Al menos un hábito tengo en la
vida. Bueno, tal vez más, pero quizá el más sagrado sea el de lavar los
calzoncillos mientras me ducho. No es un hábito antiguo. Es relativamente
reciente pero ha logrado arraigarse. Que se necesitan veintiún días para fijar
un hábito, dicen.
Es una de mis felicidades ver
que, sin importar las condiciones –si estoy triste, aburrido, contento, si
estoy somnoliento–, el hábito siempre se verifica.

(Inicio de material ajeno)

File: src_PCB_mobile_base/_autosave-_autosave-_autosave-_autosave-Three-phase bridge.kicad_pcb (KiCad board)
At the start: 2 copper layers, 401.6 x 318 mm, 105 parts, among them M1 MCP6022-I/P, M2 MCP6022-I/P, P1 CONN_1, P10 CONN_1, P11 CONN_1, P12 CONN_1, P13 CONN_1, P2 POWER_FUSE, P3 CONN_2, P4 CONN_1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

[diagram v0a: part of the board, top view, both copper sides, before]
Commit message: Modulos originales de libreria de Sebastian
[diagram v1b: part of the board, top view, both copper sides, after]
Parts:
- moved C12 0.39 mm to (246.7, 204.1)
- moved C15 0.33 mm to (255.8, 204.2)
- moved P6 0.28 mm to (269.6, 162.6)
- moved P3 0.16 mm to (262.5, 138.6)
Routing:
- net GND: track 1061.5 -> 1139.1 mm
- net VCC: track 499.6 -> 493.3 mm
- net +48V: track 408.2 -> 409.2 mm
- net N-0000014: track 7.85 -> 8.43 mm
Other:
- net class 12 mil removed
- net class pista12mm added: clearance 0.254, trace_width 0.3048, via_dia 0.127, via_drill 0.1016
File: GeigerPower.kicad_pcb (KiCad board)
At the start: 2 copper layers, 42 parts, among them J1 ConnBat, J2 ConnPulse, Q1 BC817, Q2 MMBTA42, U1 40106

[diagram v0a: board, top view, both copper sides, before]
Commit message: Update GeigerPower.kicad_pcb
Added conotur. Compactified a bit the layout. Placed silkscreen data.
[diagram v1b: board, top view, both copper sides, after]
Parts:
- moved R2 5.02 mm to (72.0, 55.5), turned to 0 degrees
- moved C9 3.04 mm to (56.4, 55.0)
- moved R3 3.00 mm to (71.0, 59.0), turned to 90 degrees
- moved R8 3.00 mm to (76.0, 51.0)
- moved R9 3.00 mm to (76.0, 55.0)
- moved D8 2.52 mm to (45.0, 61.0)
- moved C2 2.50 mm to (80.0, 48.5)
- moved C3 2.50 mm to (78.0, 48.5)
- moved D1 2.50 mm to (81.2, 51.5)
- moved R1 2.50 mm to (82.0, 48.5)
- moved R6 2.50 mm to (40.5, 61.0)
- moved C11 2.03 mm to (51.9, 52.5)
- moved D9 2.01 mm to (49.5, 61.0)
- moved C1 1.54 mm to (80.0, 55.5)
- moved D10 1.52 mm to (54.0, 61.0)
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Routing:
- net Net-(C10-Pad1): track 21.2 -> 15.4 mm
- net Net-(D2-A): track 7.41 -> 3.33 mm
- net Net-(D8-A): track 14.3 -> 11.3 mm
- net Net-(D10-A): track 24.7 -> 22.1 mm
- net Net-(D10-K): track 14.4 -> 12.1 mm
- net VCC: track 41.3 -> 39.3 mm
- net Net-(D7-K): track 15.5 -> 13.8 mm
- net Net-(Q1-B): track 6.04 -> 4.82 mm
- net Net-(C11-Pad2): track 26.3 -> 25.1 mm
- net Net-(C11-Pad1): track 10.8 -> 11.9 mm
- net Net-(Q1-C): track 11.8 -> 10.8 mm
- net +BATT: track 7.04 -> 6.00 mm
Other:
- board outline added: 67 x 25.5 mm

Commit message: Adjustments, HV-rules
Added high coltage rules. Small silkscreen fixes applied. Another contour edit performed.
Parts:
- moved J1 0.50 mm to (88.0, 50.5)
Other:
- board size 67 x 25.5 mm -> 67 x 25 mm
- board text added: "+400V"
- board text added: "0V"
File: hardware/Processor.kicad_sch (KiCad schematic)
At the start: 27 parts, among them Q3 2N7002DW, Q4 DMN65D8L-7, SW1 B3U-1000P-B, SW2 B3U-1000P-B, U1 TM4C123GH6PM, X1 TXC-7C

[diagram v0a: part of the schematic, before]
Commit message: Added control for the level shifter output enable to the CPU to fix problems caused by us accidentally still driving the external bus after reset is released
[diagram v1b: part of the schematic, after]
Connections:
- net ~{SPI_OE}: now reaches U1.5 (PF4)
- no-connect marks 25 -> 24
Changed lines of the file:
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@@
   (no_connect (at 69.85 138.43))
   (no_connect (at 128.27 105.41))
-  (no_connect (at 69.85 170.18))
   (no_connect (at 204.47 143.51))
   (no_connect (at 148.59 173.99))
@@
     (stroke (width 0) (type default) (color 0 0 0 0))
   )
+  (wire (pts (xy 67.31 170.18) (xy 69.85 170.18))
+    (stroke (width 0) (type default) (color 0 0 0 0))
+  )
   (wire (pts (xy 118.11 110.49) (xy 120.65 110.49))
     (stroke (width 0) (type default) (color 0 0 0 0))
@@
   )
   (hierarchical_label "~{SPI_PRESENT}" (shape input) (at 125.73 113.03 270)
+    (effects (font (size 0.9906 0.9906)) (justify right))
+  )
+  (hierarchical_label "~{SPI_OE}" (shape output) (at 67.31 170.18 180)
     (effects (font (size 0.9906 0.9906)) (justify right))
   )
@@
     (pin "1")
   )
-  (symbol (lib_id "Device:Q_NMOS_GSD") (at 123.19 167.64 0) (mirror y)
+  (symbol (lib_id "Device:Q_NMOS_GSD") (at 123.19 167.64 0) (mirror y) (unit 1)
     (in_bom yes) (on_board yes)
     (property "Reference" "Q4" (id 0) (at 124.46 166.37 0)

Algunas veces pienso –por
una fracción de segundo– en la posibilidad de obviarlo o aplazarlo, para
bañarme más rápido si estoy de afán, o por pura y simple rebeldía; por esa
tendencia que tenemos a decir ¡qué va,! por ese placer de desdeñar la costumbre
o la ley y decir ¡Ah, hoy no voy a hacer esto!... Pero siempre termino
lavándolos. Es lo que llaman la fuerza del hábito: dejar de hacerlo no es nada
grave, pero es algo que simplemente se hace, tal vez porque uno no quiere dañar
un récord.
Después de lavarlos los cuelgo en
un tendedero, una estructura de varillas, fija en la pared, que se extiende y
encoge como un acordeón y que vista desde arriba se ve más o menos así: IIIII. Pero no los cuelgo de cada
varilla individual, doblegados, como si hubieran quedado exhaustos y vencidos a
medio camino de pasar una barda, sino de tal manera que hacen un puente entre
varilla y varilla. El aire circula con más facilidad entre sus fibras y se secan
más rápido.
Cuando hay varios, unos cinco o seis -tengo uno para cada día-, me detengo a contemplarlos: parecen leopardos perezosos, las patas colgando, acostados en la rama gruesa de un árbol ¡Me parece tan bonita mi simple y diaria obra de arte!...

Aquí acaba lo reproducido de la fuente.